LA Indie Movie (LAIM) is an arts community focused on promoting indie filmmaking skills among younger Indonesians from development to screening. It is associated with the lifestyle website LA Zone and organises workshops, film festivals and film contests. LAIM was previously called LA Lights Indie Movie when sponsored by Djarum's LA Lights cigarettes. The organisation was founded in 2007. Since 2018, LAIM has also connected with the Lingkar Alumni Indie Movie talent troupe.

==Events==
LA Indie Movie was started by Garin Nugroho in 2007 in association with his production company SET FILM. LAIM holds development, production and post-production programs split into two sections: Film Gue Cara Gue and Making a Film with Artists.
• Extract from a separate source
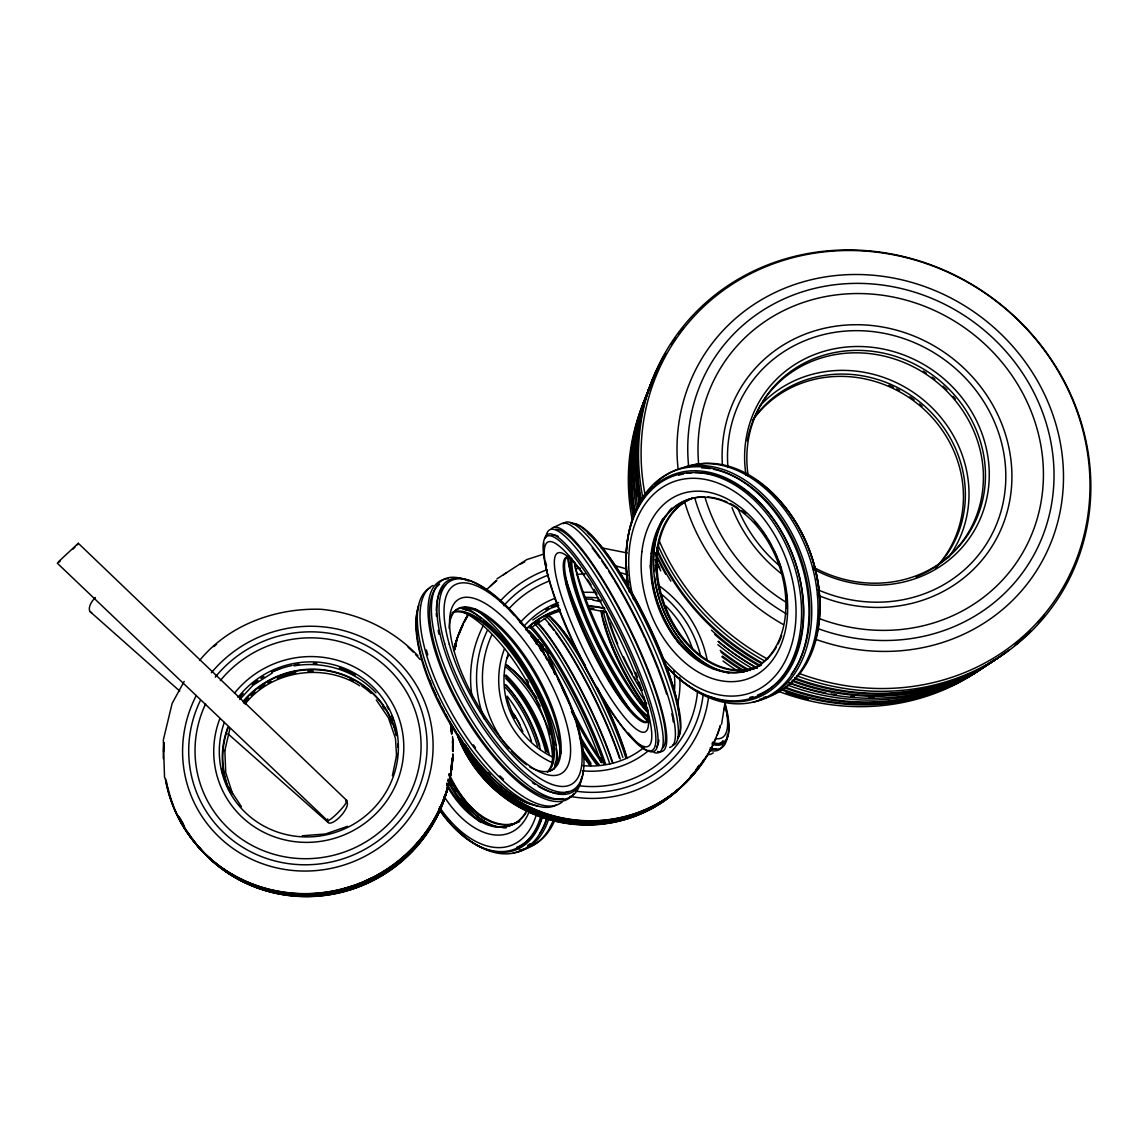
<?xml version="1.0" encoding="UTF-8"?>
<svg xmlns="http://www.w3.org/2000/svg" width="1147" height="1147" viewBox="0 0 1147 1147"><rect width="100%" height="100%" fill="white"/><g stroke="black" fill="none" stroke-linecap="round" stroke-linejoin="round"><path stroke-width="1.5" d="M721.606 724.13L725.219 701.405M392.403 775.745L396.948 753.665M224.826 750.539L229.859 728.847M184.165 681.418L172.136 703.441L163.333 739.915L164.537 777.422M327.526 820.678L57.35 563.249L58.898 561.356L78.311 543.291L346.695 800.391M78.311 543.291L76.72 545.241M239.737 699.541L252.928 685.361L272.255 673.031M245.085 704.057C271.681 670.235 323.769 662.565 359.742 685.763M199.592 660.457C228.697 624.828 275.653 607.81 320.931 609.286C357.778 612.727 392.303 628.957 417.909 655.769M72.763 549.298L74.985 547.062M58.626 562.46L60.232 561.098M530.057 628.355L547.707 616.742M532.753 619.982L550.746 608.182L558.632 605.573M497.052 578.791L526.745 559.607L543.592 554.159M554.116 527.176L562.704 523.132A124.363 25.234 63.9 0 1 641.56 629.789A124.363 25.234 63.9 0 1 669.647 747.385M347.57 826.313L325.49 833.984L302.22 835.79M294.005 665.905C323.812 660.658 355.298 670.565 375.972 692.831M589.042 608.785L606.476 612.211M592.87 600.096L601.071 601.716M601.085 547.75L627.251 552.954M90.269 611.81L179.749 691.067M227.837 733.664L327.999 822.385M376.245 699.899L388.446 717.85L395.471 738.41L396.633 756.877M228.927 787.76L241.429 806.685M506.859 697.534L514.257 718.309M232.511 793.667L225.73 772.605L224.841 750.453M222.79 774.225A89.609 86.771 -22.6 0 1 221.6 769.078M239.709 697.491A89.609 86.771 -22.6 0 1 243.207 693.419M252.268 684.759A89.609 86.771 -22.6 0 1 257.932 680.415M260.899 678.393A89.609 86.771 -22.6 0 1 263.953 676.486M271.839 672.285A89.609 86.771 -22.6 0 1 292.141 665.432M293.876 665.074A89.609 86.771 -22.6 0 1 299.123 664.228M313.346 663.439A89.609 86.771 -22.6 0 1 316.873 663.597M339.326 667.898A89.609 86.771 -22.6 0 1 355.326 674.995M387.026 706.337A89.609 86.771 -22.6 0 1 388.69 709.362M391.643 715.57A89.609 86.771 -22.6 0 1 393.536 720.431M237.988 697.476A89.953 87.1 -22.5 0 1 387.571 705.964A89.953 87.1 -22.5 0 1 316.013 836.464A89.953 87.1 -22.5 0 1 224.31 722.424M234.518 693.132A95.488 92.463 -22.5 0 1 393.134 704.832A95.488 92.463 -22.5 0 1 314.536 842.056A95.488 92.463 -22.5 0 1 219.708 719.011M220.353 680.572A113.539 109.926 -22.3 0 1 409.981 698.308A113.539 109.926 -22.3 0 1 308.615 858.673A113.539 109.926 -22.3 0 1 205.614 703.871M215.235 677.131A119.747 115.919 -22.3 0 1 415.515 695.842A119.747 115.919 -22.3 0 1 307.711 864.766A119.747 115.919 -22.3 0 1 200.453 700.287M211.378 672.744A125.826 121.811 -22.4 0 1 421.752 695.24A125.826 121.811 -22.4 0 1 305.145 871.06A125.826 121.811 -22.4 0 1 196.266 695.526M450.9 724.445A145.554 140.952 -22.7 0 1 452.162 733.033M452.52 736.517A145.554 140.952 -22.7 0 1 453.051 750.511M452.965 754.009A145.554 140.952 -22.7 0 1 317.346 893.126A145.554 140.952 -22.7 0 1 165.24 778.283M163.347 758.769A145.554 140.952 -22.7 0 1 163.863 742.726M213.872 646.621A145.554 140.952 -22.7 0 1 216.597 644.327M408.117 647.238A145.554 140.952 -22.7 0 1 413.135 652.026M415.544 654.507A145.554 140.952 -22.7 0 1 420.132 659.597M450.843 724.775A145.411 140.809 -22.8 0 1 452.104 733.363M452.606 738.582A145.411 140.809 -22.8 0 1 452.993 750.826M452.893 754.31A145.411 140.809 -22.8 0 1 317.418 893.298A145.411 140.809 -22.8 0 1 165.469 778.569M163.577 751.916A145.411 140.809 -22.8 0 1 164.107 743.041M450.384 723.872A145.067 140.479 -22.9 0 1 451.961 734.123M452.578 741.077A145.067 140.479 -22.9 0 1 452.836 751.557M452.578 758.482A145.067 140.479 -22.9 0 1 328.587 892.352A145.067 140.479 -22.9 0 1 172.408 803.316M168.208 789.652A145.067 140.479 -22.9 0 1 166.329 780.978M450.642 725.893A144.923 140.35 -22.9 0 1 451.689 732.718M452.52 741.392A144.923 140.35 -22.9 0 1 452.793 750.109M452.52 758.784A144.923 140.35 -22.9 0 1 334.953 891.377A144.923 140.35 -22.9 0 1 177.427 815.015M172.638 803.574A144.923 140.35 -22.9 0 1 168.007 788.19M450.742 728.632A144.45 139.905 -23 0 1 451.502 733.75M452.506 745.88A144.45 139.905 -23 0 1 452.592 751.084M452.319 759.73A144.45 139.905 -23 0 1 343.154 890.043A144.45 139.905 -23 0 1 185.8 829.811M183.936 826.758A144.45 139.905 -23 0 1 178.129 815.804M452.133 758.067A143.59 139.102 -23.2 0 1 350.423 889.025A143.59 139.102 -23.2 0 1 193.069 839.991M190.99 837.109A143.59 139.102 -23.2 0 1 187.047 831.188M184.309 826.629A143.59 139.102 -23.2 0 1 181.771 821.983M452.076 758.353A143.447 138.959 -23.3 0 1 352.201 888.638A143.447 138.959 -23.3 0 1 195.42 843.031M191.191 837.339A143.447 138.959 -23.3 0 1 188.208 832.908M184.524 826.858A143.447 138.959 -23.3 0 1 182.803 823.775M451.932 759.07A143.117 138.644 -23.4 0 1 354.022 888.466A143.117 138.644 -23.4 0 1 198.101 846.285M193.757 840.737A143.117 138.644 -23.4 0 1 191.678 837.869M183.319 824.335A143.117 138.644 -23.4 0 1 180.165 818.098M451.875 759.357A142.974 138.5 -23.4 0 1 355.756 888.036A142.974 138.5 -23.4 0 1 200.567 849.167M196.094 843.762A142.974 138.5 -23.4 0 1 192.911 839.532M183.52 824.564A142.974 138.5 -23.4 0 1 181.9 821.467M243.824 703.226A87.846 85.107 -23.4 0 1 248.569 698.007M251.093 695.555A87.846 85.107 -23.4 0 1 255.007 692.085M259.136 688.845A87.846 85.107 -23.4 0 1 264.957 684.874M267.997 683.053A87.846 85.107 -23.4 0 1 271.079 681.375M277.373 678.393A87.846 85.107 -23.4 0 1 295.783 672.744M307.912 671.239A87.846 85.107 -23.4 0 1 313.145 671.11M349.935 679.282A87.846 85.107 -23.4 0 1 353.018 680.802M361.807 686.035A87.846 85.107 -23.4 0 1 371.184 693.433M382.481 706.05A87.846 85.107 -23.4 0 1 384.431 708.846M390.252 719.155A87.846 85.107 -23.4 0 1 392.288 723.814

Both pair participants, typically from Yogyakarta, Malang, Jakarta, or Surabaya, with veteran directors. The programs each produce four films during its duration; winners have the opportunity to participate in both domestic and international film festivals. Winning films are streamed on OTT, Iflix and Viddsee. MovieLAnd is a similar event consisting of workshops, selecting cast and crew and working with industry professionals. LAIM also holds a short story competition, wherein three stories are chosen to be directed and produced by established directors. The winning screenwriters go through a "script doctor program" with a veteran screenwriter and receive a cash prize of Rp 5,000,000.